The paper that I'm most familiar with that comes out with a strong statement that early humans caused these extinctions is:
Lyons, S. K., F. A. Smith, and J. H. Brown. 2004. Of mice, mastodons and men: human-mediated extinctions on four continents. Evolutionary Ecology 6:339–358.
And another older review:
Barnosky, A. D., P. L. Koch, R. S. Feranec, S. L. Wing, and A. B. Shabel. 2004. Assessing the causes of late Pleistocene extinctions on the continents. Science 306:70–75.
This is one of the most depressing papers I have ever read. We are just at the tipping point beyond which it might be impossible to eradicate the invasive species causing a one-per-decade extinction rate in Australia: Woinarski JC, Burbidge AA, Harrison PL. 2015. Ongoing unraveling of a continental fauna: Decline and extinction of Australian mammals since European settlement. Proc Natl Acad Sci U S A.

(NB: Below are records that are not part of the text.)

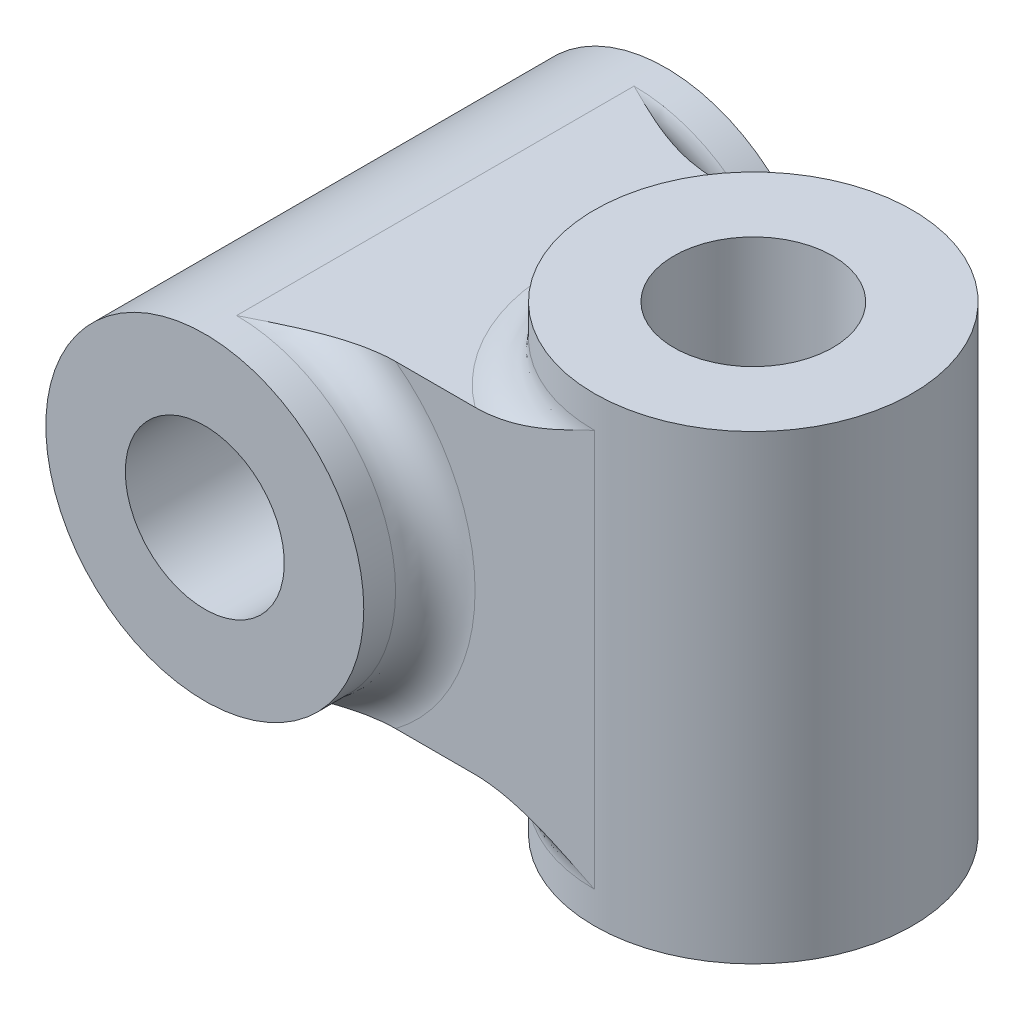
ISO-10303-21;
HEADER;
FILE_DESCRIPTION(('STEP AP214'),'2;1');
FILE_NAME('part.step','',(''),(''),'','','');
FILE_SCHEMA(('AUTOMOTIVE_DESIGN { 1 0 10303 214 1 1 1 1 }'));
ENDSEC;
DATA;
#1=APPLICATION_CONTEXT('core data for automotive mechanical design processes');
#2=APPLICATION_PROTOCOL_DEFINITION('international standard','automotive_design',2000,#1);
#3=PRODUCT_CONTEXT('',#1,'mechanical');
#4=PRODUCT('Part','Part','',(#3));
#5=PRODUCT_RELATED_PRODUCT_CATEGORY('part','',(#4));
#6=PRODUCT_DEFINITION_FORMATION('','',#4);
#7=PRODUCT_DEFINITION_CONTEXT('part definition',#1,'design');
#8=PRODUCT_DEFINITION('design','',#6,#7);
#9=PRODUCT_DEFINITION_SHAPE('','',#8);
#10=(LENGTH_UNIT() NAMED_UNIT(*) SI_UNIT(.MILLI.,.METRE.));
#11=(NAMED_UNIT(*) PLANE_ANGLE_UNIT() SI_UNIT($,.RADIAN.));
#12=(NAMED_UNIT(*) SI_UNIT($,.STERADIAN.) SOLID_ANGLE_UNIT());
#13=UNCERTAINTY_MEASURE_WITH_UNIT(LENGTH_MEASURE(1.E-05),#10,'distance_accuracy_value','');
#14=(GEOMETRIC_REPRESENTATION_CONTEXT(3) GLOBAL_UNCERTAINTY_ASSIGNED_CONTEXT((#13)) GLOBAL_UNIT_ASSIGNED_CONTEXT((#10,
#11,#12)) REPRESENTATION_CONTEXT('',''));
#15=CARTESIAN_POINT('',(0.,0.,0.));
#16=DIRECTION('',(0.,0.,1.));
#17=DIRECTION('',(1.,0.,0.));
#18=AXIS2_PLACEMENT_3D('',#15,#16,#17);
#19=CARTESIAN_POINT('',(0.,0.,58.));
#20=DIRECTION('',(0.,0.,1.));
#21=DIRECTION('',(1.,0.,0.));
#22=AXIS2_PLACEMENT_3D('',#19,#20,#21);
#23=PLANE('',#22);
#24=CARTESIAN_POINT('',(0.,0.,58.));
#25=DIRECTION('',(0.,0.,1.));
#26=DIRECTION('',(1.,0.,0.));
#27=AXIS2_PLACEMENT_3D('',#24,#25,#26);
#28=CIRCLE('',#27,20.);
#29=CARTESIAN_POINT('',(20.,0.,58.));
#30=VERTEX_POINT('',#29);
#31=EDGE_CURVE('E127',#30,#30,#28,.T.);
#32=ORIENTED_EDGE('',*,*,#31,.T.);
#33=EDGE_LOOP('',(#32));
#34=FACE_BOUND('',#33,.T.);
#35=CARTESIAN_POINT('',(0.,0.,58.));
#36=DIRECTION('',(0.,0.,1.));
#37=DIRECTION('',(1.,0.,0.));
#38=AXIS2_PLACEMENT_3D('',#35,#36,#37);
#39=CIRCLE('',#38,10.);
#40=CARTESIAN_POINT('',(-10.,0.,58.));
#41=VERTEX_POINT('',#40);
#42=EDGE_CURVE('E231',#41,#41,#39,.T.);
#43=ORIENTED_EDGE('',*,*,#42,.F.);
#44=EDGE_LOOP('',(#43));
#45=FACE_BOUND('',#44,.T.);
#46=ADVANCED_FACE('F41',(#34,#45),#23,.T.);
#47=CARTESIAN_POINT('',(0.,0.,0.));
#48=DIRECTION('',(0.,0.,1.));
#49=DIRECTION('',(1.,0.,0.));
#50=AXIS2_PLACEMENT_3D('',#47,#48,#49);
#51=PLANE('',#50);
#52=CARTESIAN_POINT('',(0.,0.,0.));
#53=DIRECTION('',(0.,0.,1.));
#54=DIRECTION('',(1.,0.,0.));
#55=AXIS2_PLACEMENT_3D('',#52,#53,#54);
#56=CIRCLE('',#55,20.);
#57=CARTESIAN_POINT('',(20.,0.,0.));
#58=VERTEX_POINT('',#57);
#59=EDGE_CURVE('E228',#58,#58,#56,.T.);
#60=ORIENTED_EDGE('',*,*,#59,.F.);
#61=EDGE_LOOP('',(#60));
#62=FACE_BOUND('',#61,.T.);
#63=CARTESIAN_POINT('',(0.,0.,0.));
#64=DIRECTION('',(0.,0.,1.));
#65=DIRECTION('',(1.,0.,0.));
#66=AXIS2_PLACEMENT_3D('',#63,#64,#65);
#67=CIRCLE('',#66,10.);
#68=CARTESIAN_POINT('',(-10.,0.,0.));
#69=VERTEX_POINT('',#68);
#70=EDGE_CURVE('E234',#69,#69,#67,.T.);
#71=ORIENTED_EDGE('',*,*,#70,.T.);
#72=EDGE_LOOP('',(#71));
#73=FACE_BOUND('',#72,.T.);
#74=ADVANCED_FACE('F279',(#62,#73),#51,.F.);
#75=CARTESIAN_POINT('',(0.,0.,58.));
#76=DIRECTION('',(0.,0.,-1.));
#77=DIRECTION('',(-1.,0.,0.));
#78=AXIS2_PLACEMENT_3D('',#75,#76,#77);
#79=CYLINDRICAL_SURFACE('',#78,20.);
#80=DIRECTION('',(0.,0.,-1.));
#81=VECTOR('',#80,1.);
#82=CARTESIAN_POINT('',(0.,20.,49.));
#83=LINE('',#82,#81);
#84=CARTESIAN_POINT('',(0.,20.,54.));
#85=VERTEX_POINT('',#84);
#86=CARTESIAN_POINT('',(0.,20.,3.99999999999999));
#87=VERTEX_POINT('',#86);
#88=EDGE_CURVE('E209',#85,#87,#83,.T.);
#89=ORIENTED_EDGE('',*,*,#88,.T.);
#90=CARTESIAN_POINT('',(0.,0.,3.99999999999998));
#91=DIRECTION('',(0.,0.,1.));
#92=DIRECTION('',(0.,-1.,0.));
#93=AXIS2_PLACEMENT_3D('',#90,#91,#92);
#94=CIRCLE('',#93,20.);
#95=CARTESIAN_POINT('',(0.,-20.,3.99999999999998));
#96=VERTEX_POINT('',#95);
#97=EDGE_CURVE('E216',#87,#96,#94,.F.);
#98=ORIENTED_EDGE('',*,*,#97,.T.);
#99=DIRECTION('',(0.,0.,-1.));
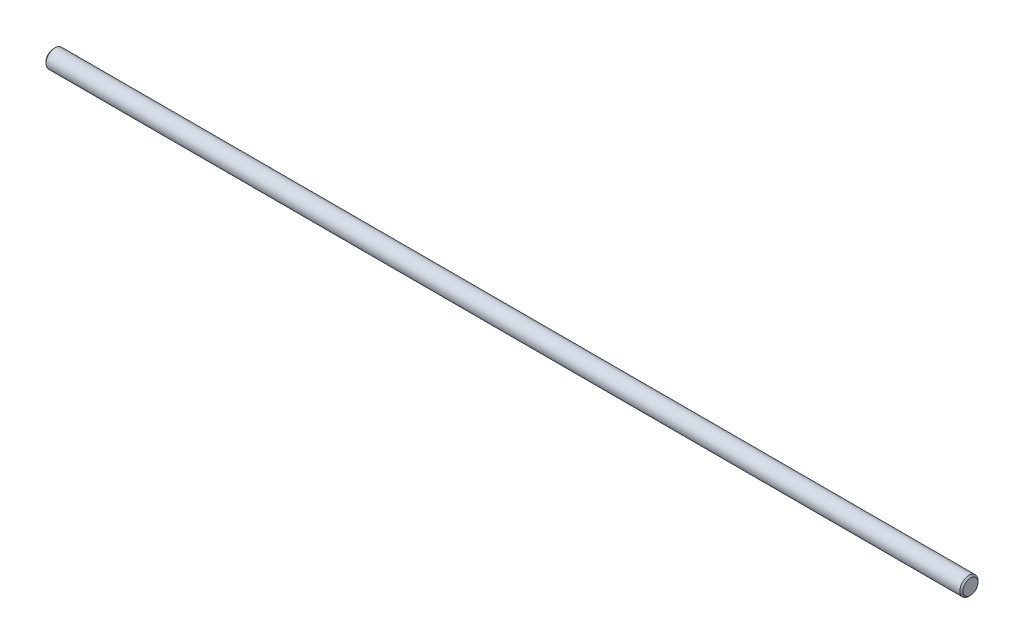
ISO-10303-21;
HEADER;
FILE_DESCRIPTION(('STEP AP214'),'2;1');
FILE_NAME('part.step','',(''),(''),'','','');
FILE_SCHEMA(('AUTOMOTIVE_DESIGN { 1 0 10303 214 1 1 1 1 }'));
ENDSEC;
DATA;
#1=APPLICATION_CONTEXT('core data for automotive mechanical design processes');
#2=APPLICATION_PROTOCOL_DEFINITION('international standard','automotive_design',2000,#1);
#3=PRODUCT_CONTEXT('',#1,'mechanical');
#4=PRODUCT('Part','Part','',(#3));
#5=PRODUCT_RELATED_PRODUCT_CATEGORY('part','',(#4));
#6=PRODUCT_DEFINITION_FORMATION('','',#4);
#7=PRODUCT_DEFINITION_CONTEXT('part definition',#1,'design');
#8=PRODUCT_DEFINITION('design','',#6,#7);
#9=PRODUCT_DEFINITION_SHAPE('','',#8);
#10=(LENGTH_UNIT() NAMED_UNIT(*) SI_UNIT(.MILLI.,.METRE.));
#11=(NAMED_UNIT(*) PLANE_ANGLE_UNIT() SI_UNIT($,.RADIAN.));
#12=(NAMED_UNIT(*) SI_UNIT($,.STERADIAN.) SOLID_ANGLE_UNIT());
#13=UNCERTAINTY_MEASURE_WITH_UNIT(LENGTH_MEASURE(1.E-05),#10,'distance_accuracy_value','');
#14=(GEOMETRIC_REPRESENTATION_CONTEXT(3) GLOBAL_UNCERTAINTY_ASSIGNED_CONTEXT((#13)) GLOBAL_UNIT_ASSIGNED_CONTEXT((#10,
#11,#12)) REPRESENTATION_CONTEXT('',''));
#15=CARTESIAN_POINT('',(0.,0.,0.));
#16=DIRECTION('',(0.,0.,1.));
#17=DIRECTION('',(1.,0.,0.));
#18=AXIS2_PLACEMENT_3D('',#15,#16,#17);
#19=CARTESIAN_POINT('',(116.415189936237,-49.3051174113286,-169.304665931118));
#20=DIRECTION('',(-1.,0.,0.));
#21=DIRECTION('',(0.,0.822986585231241,-0.568060807070353));
#22=AXIS2_PLACEMENT_3D('',#19,#20,#21);
#23=PLANE('',#22);
#24=CARTESIAN_POINT('',(116.415189936237,-27.5000014400765,-158.838677326107));
#25=DIRECTION('',(-1.,0.,0.));
#26=DIRECTION('',(0.,0.,1.));
#27=AXIS2_PLACEMENT_3D('',#24,#25,#26);
#28=CIRCLE('',#27,2.50000000000014);
#29=CARTESIAN_POINT('',(116.415189936237,-27.5000014400765,-156.338677326106));
#30=VERTEX_POINT('',#29);
#31=EDGE_CURVE('E10',#30,#30,#28,.T.);
#32=ORIENTED_EDGE('',*,*,#31,.T.);
#33=EDGE_LOOP('',(#32));
#34=FACE_BOUND('',#33,.T.);
#35=ADVANCED_FACE('F31',(#34),#23,.T.);
#36=CARTESIAN_POINT('',(419.91518932427,-27.5000014400765,-158.838677326107));
#37=DIRECTION('',(1.,0.,0.));
#38=DIRECTION('',(0.,0.,-1.));
#39=AXIS2_PLACEMENT_3D('',#36,#37,#38);
#40=PLANE('',#39);
#41=CARTESIAN_POINT('',(419.91518932427,-27.5000014400765,-158.838677326107));
#42=DIRECTION('',(1.,0.,0.));
#43=DIRECTION('',(0.,0.,-1.));
#44=AXIS2_PLACEMENT_3D('',#41,#42,#43);
#45=CIRCLE('',#44,2.49999999999992);
#46=CARTESIAN_POINT('',(419.91518932427,-27.5000014400765,-161.338677326106));
#47=VERTEX_POINT('',#46);
#48=EDGE_CURVE('E46',#47,#47,#45,.T.);
#49=ORIENTED_EDGE('',*,*,#48,.T.);
#50=EDGE_LOOP('',(#49));
#51=FACE_BOUND('',#50,.T.);
#52=ADVANCED_FACE('F52',(#51),#40,.T.);
#53=CARTESIAN_POINT('',(107.929908561998,-27.5000014400765,-158.838677326107));
#54=DIRECTION('',(1.,0.,0.));
#55=DIRECTION('',(0.,0.,-1.));
#56=AXIS2_PLACEMENT_3D('',#53,#54,#55);
#57=CYLINDRICAL_SURFACE('',#56,3.00000000000002);
#58=CARTESIAN_POINT('',(419.41518932427,-27.5000014400765,-158.838677326107));
#59=DIRECTION('',(1.,0.,0.));
#60=DIRECTION('',(0.,0.,-1.));
#61=AXIS2_PLACEMENT_3D('',#58,#59,#60);
#62=CIRCLE('',#61,3.00000000000002);
#63=CARTESIAN_POINT('',(419.41518932427,-27.5000014400765,-161.838677326107));
#64=VERTEX_POINT('',#63);
#65=EDGE_CURVE('E38',#64,#64,#62,.F.);
#66=ORIENTED_EDGE('',*,*,#65,.T.);
#67=EDGE_LOOP('',(#66));
#68=FACE_BOUND('',#67,.T.);
#69=CARTESIAN_POINT('',(116.915189936237,-27.5000014400765,-158.838677326107));
#70=DIRECTION('',(-1.,0.,0.));
#71=DIRECTION('',(0.,0.,1.));
#72=AXIS2_PLACEMENT_3D('',#69,#70,#71);
#73=CIRCLE('',#72,3.00000000000002);
#74=CARTESIAN_POINT('',(116.915189936237,-27.5000014400765,-155.838677326107));
#75=VERTEX_POINT('',#74);
#76=EDGE_CURVE('E42',#75,#75,#73,.F.);
#77=ORIENTED_EDGE('',*,*,#76,.T.);
#78=EDGE_LOOP('',(#77));
#79=FACE_BOUND('',#78,.T.);
#80=ADVANCED_FACE('F56',(#68,#79),#57,.T.);
#81=CARTESIAN_POINT('',(419.91518932427,-27.5000014400765,-158.838677326107));
#82=DIRECTION('',(-1.,0.,0.));
#83=DIRECTION('',(0.,0.,1.));
#84=AXIS2_PLACEMENT_3D('',#81,#82,#83);
#85=CONICAL_SURFACE('',#84,2.49999999999992,0.785398163397496);
#86=ORIENTED_EDGE('',*,*,#65,.F.);
#87=EDGE_LOOP('',(#86));
#88=FACE_BOUND('',#87,.T.);
#89=ORIENTED_EDGE('',*,*,#48,.F.);
#90=EDGE_LOOP('',(#89));
#91=FACE_BOUND('',#90,.T.);
#92=ADVANCED_FACE('F54',(#88,#91),#85,.T.);
#93=CARTESIAN_POINT('',(116.915189936237,-27.5000014400765,-158.838677326107));
#94=DIRECTION('',(1.,0.,0.));
#95=DIRECTION('',(0.,0.,-1.));
#96=AXIS2_PLACEMENT_3D('',#93,#94,#95);
#97=CONICAL_SURFACE('',#96,3.00000000000002,0.785398163397412);
#98=ORIENTED_EDGE('',*,*,#31,.F.);
#99=EDGE_LOOP('',(#98));
#100=FACE_BOUND('',#99,.T.);
#101=ORIENTED_EDGE('',*,*,#76,.F.);
#102=EDGE_LOOP('',(#101));
#103=FACE_BOUND('',#102,.T.);
#104=ADVANCED_FACE('F33',(#100,#103),#97,.T.);
#105=CLOSED_SHELL('',(#35,#52,#80,#92,#104));
#106=MANIFOLD_SOLID_BREP('B2',#105);
#107=ADVANCED_BREP_SHAPE_REPRESENTATION('',(#18,#106),#14);
#108=SHAPE_DEFINITION_REPRESENTATION(#9,#107);
ENDSEC;
END-ISO-10303-21;

Below is an example of a near extinction of a songbird species (one of several) in the Seychelles islands.
Also a more recent review of avian taxonomic groups that have gone extinct:
Jan Komdeur, Ian D. Bullock and Michael R. W. Rands (1991). Conserving the Seychelles Warbler Acrocephalus sechellensis by translocation: a transfer from Cousin Island to Aride Island. Bird Conservation International, 1, pp 177-185. doi:10.1017/S0959270900002045.
Szabo JK, Khwaja N, Garnett ST, Butchart SHM (2012) Global Patterns and Drivers of Avian Extinctions at the Species and Subspecies Level. PLoS ONE 7(10): e47080. doi: 10.1371/journal.pone.0047080
In Australia, the topic is overwhelmed by a bizarre political determination to show that people were bad. To do this some people have recruited evidence of extinct animals that were long gone by the time humans arrived. There seems to be a determination not to understand that extinction must be a normal process otherwise evolution would not happen. Nevertheless, there is some impact of early humans in Australia. We just don't know what it was. And of course there has been a huge impact of recent humans. I was involved in two papers that attempted to introduce a little less hysteria into the story.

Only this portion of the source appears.